* What is expected *
Although the entries contain pictures, copy only their text, exactly as written.

* Records to process *
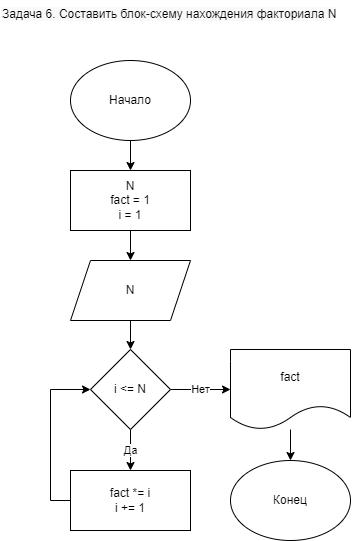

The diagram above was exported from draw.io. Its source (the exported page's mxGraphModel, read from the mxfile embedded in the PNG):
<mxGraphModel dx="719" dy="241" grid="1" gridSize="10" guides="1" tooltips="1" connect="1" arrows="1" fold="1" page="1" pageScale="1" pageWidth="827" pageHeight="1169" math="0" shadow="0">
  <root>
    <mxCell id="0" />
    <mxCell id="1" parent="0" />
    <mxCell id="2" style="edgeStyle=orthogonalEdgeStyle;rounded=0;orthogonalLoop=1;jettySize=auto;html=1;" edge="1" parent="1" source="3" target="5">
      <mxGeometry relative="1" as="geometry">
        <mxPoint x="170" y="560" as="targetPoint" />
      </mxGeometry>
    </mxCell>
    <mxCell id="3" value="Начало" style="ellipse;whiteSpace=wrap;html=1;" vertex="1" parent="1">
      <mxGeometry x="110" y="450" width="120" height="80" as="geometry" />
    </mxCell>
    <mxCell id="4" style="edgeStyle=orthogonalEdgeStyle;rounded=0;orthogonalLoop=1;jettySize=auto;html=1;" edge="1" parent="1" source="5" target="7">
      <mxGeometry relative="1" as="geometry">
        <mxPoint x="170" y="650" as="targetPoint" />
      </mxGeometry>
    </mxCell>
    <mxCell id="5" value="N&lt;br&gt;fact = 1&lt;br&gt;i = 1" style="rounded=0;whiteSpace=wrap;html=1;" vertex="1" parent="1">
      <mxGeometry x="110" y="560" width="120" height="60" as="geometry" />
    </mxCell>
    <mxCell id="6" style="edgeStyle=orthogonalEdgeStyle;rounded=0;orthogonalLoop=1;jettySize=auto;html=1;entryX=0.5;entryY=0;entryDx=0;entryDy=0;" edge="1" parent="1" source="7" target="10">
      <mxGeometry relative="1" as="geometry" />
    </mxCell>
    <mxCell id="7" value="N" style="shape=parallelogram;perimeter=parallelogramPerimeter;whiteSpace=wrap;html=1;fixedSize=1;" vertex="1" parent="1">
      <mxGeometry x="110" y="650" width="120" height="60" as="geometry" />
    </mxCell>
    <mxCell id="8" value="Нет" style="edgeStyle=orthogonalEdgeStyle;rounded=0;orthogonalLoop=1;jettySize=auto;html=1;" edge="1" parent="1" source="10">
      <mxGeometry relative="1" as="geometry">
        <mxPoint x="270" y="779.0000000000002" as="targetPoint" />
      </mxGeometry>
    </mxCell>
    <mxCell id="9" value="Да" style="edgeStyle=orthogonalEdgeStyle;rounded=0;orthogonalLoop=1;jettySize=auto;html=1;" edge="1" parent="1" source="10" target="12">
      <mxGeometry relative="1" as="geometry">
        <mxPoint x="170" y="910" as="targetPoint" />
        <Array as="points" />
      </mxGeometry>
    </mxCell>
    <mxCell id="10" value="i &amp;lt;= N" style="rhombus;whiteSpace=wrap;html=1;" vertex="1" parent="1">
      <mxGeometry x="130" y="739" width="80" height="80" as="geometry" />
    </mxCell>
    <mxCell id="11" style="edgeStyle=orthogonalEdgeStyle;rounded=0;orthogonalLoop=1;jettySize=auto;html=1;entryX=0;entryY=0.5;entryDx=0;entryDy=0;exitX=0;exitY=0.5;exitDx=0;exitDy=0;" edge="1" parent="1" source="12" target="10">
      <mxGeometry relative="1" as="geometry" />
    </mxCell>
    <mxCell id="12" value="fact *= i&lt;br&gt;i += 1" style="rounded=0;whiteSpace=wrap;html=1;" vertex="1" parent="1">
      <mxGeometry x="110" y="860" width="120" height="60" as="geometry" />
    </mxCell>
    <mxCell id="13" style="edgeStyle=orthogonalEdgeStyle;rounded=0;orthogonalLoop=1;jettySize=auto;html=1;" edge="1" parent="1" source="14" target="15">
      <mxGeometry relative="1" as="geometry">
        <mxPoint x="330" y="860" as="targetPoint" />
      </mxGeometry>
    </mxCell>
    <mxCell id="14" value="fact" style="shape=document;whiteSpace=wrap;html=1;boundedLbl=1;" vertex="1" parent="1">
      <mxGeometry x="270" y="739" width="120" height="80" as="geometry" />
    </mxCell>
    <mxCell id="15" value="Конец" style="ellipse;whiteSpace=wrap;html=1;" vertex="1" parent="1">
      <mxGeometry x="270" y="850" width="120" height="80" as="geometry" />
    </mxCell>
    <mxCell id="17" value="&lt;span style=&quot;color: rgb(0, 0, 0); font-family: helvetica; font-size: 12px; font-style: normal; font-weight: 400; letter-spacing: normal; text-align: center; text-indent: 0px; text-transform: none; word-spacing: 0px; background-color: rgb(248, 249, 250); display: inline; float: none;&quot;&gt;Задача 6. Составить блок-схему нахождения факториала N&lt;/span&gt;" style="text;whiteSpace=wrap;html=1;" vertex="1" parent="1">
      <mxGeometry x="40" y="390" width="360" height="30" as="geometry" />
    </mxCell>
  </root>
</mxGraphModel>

* Solution *
The diagram above was exported from draw.io. Its source (the exported page's mxGraphModel, read from the mxfile embedded in the PNG):
<mxGraphModel dx="719" dy="241" grid="1" gridSize="10" guides="1" tooltips="1" connect="1" arrows="1" fold="1" page="1" pageScale="1" pageWidth="827" pageHeight="1169" math="0" shadow="0">
  <root>
    <mxCell id="0" />
    <mxCell id="1" parent="0" />
    <mxCell id="2" style="edgeStyle=orthogonalEdgeStyle;rounded=0;orthogonalLoop=1;jettySize=auto;html=1;" edge="1" parent="1" source="3" target="5">
      <mxGeometry relative="1" as="geometry">
        <mxPoint x="170" y="560" as="targetPoint" />
      </mxGeometry>
    </mxCell>
    <mxCell id="3" value="Начало" style="ellipse;whiteSpace=wrap;html=1;" vertex="1" parent="1">
      <mxGeometry x="110" y="450" width="120" height="80" as="geometry" />
    </mxCell>
    <mxCell id="4" style="edgeStyle=orthogonalEdgeStyle;rounded=0;orthogonalLoop=1;jettySize=auto;html=1;" edge="1" parent="1" source="5" target="7">
      <mxGeometry relative="1" as="geometry">
        <mxPoint x="170" y="650" as="targetPoint" />
      </mxGeometry>
    </mxCell>
    <mxCell id="5" value="N&lt;br&gt;fact = 1&lt;br&gt;i = 1" style="rounded=0;whiteSpace=wrap;html=1;" vertex="1" parent="1">
      <mxGeometry x="110" y="560" width="120" height="60" as="geometry" />
    </mxCell>
    <mxCell id="6" style="edgeStyle=orthogonalEdgeStyle;rounded=0;orthogonalLoop=1;jettySize=auto;html=1;entryX=0.5;entryY=0;entryDx=0;entryDy=0;" edge="1" parent="1" source="7" target="10">
      <mxGeometry relative="1" as="geometry" />
    </mxCell>
    <mxCell id="7" value="N" style="shape=parallelogram;perimeter=parallelogramPerimeter;whiteSpace=wrap;html=1;fixedSize=1;" vertex="1" parent="1">
      <mxGeometry x="110" y="650" width="120" height="60" as="geometry" />
    </mxCell>
    <mxCell id="8" value="Нет" style="edgeStyle=orthogonalEdgeStyle;rounded=0;orthogonalLoop=1;jettySize=auto;html=1;" edge="1" parent="1" source="10">
      <mxGeometry relative="1" as="geometry">
        <mxPoint x="270" y="779.0000000000002" as="targetPoint" />
      </mxGeometry>
    </mxCell>
    <mxCell id="9" value="Да" style="edgeStyle=orthogonalEdgeStyle;rounded=0;orthogonalLoop=1;jettySize=auto;html=1;" edge="1" parent="1" source="10" target="12">
      <mxGeometry relative="1" as="geometry">
        <mxPoint x="170" y="910" as="targetPoint" />
        <Array as="points" />
      </mxGeometry>
    </mxCell>
    <mxCell id="10" value="i &amp;lt;= N" style="rhombus;whiteSpace=wrap;html=1;" vertex="1" parent="1">
      <mxGeometry x="130" y="739" width="80" height="80" as="geometry" />
    </mxCell>
    <mxCell id="11" style="edgeStyle=orthogonalEdgeStyle;rounded=0;orthogonalLoop=1;jettySize=auto;html=1;entryX=0;entryY=0.5;entryDx=0;entryDy=0;exitX=0;exitY=0.5;exitDx=0;exitDy=0;" edge="1" parent="1" source="12" target="10">
      <mxGeometry relative="1" as="geometry" />
    </mxCell>
    <mxCell id="12" value="fact *= i&lt;br&gt;i += 1" style="rounded=0;whiteSpace=wrap;html=1;" vertex="1" parent="1">
      <mxGeometry x="110" y="860" width="120" height="60" as="geometry" />
    </mxCell>
    <mxCell id="13" style="edgeStyle=orthogonalEdgeStyle;rounded=0;orthogonalLoop=1;jettySize=auto;html=1;" edge="1" parent="1" source="14" target="15">
      <mxGeometry relative="1" as="geometry">
        <mxPoint x="330" y="860" as="targetPoint" />
      </mxGeometry>
    </mxCell>
    <mxCell id="14" value="fact" style="shape=document;whiteSpace=wrap;html=1;boundedLbl=1;" vertex="1" parent="1">
      <mxGeometry x="270" y="739" width="120" height="80" as="geometry" />
    </mxCell>
    <mxCell id="15" value="Конец" style="ellipse;whiteSpace=wrap;html=1;" vertex="1" parent="1">
      <mxGeometry x="270" y="850" width="120" height="80" as="geometry" />
    </mxCell>
    <mxCell id="17" value="&lt;span style=&quot;color: rgb(0, 0, 0); font-family: helvetica; font-size: 12px; font-style: normal; font-weight: 400; letter-spacing: normal; text-align: center; text-indent: 0px; text-transform: none; word-spacing: 0px; background-color: rgb(248, 249, 250); display: inline; float: none;&quot;&gt;Задача 6. Составить блок-схему нахождения факториала N&lt;/span&gt;" style="text;whiteSpace=wrap;html=1;" vertex="1" parent="1">
      <mxGeometry x="40" y="390" width="360" height="30" as="geometry" />
    </mxCell>
  </root>
</mxGraphModel>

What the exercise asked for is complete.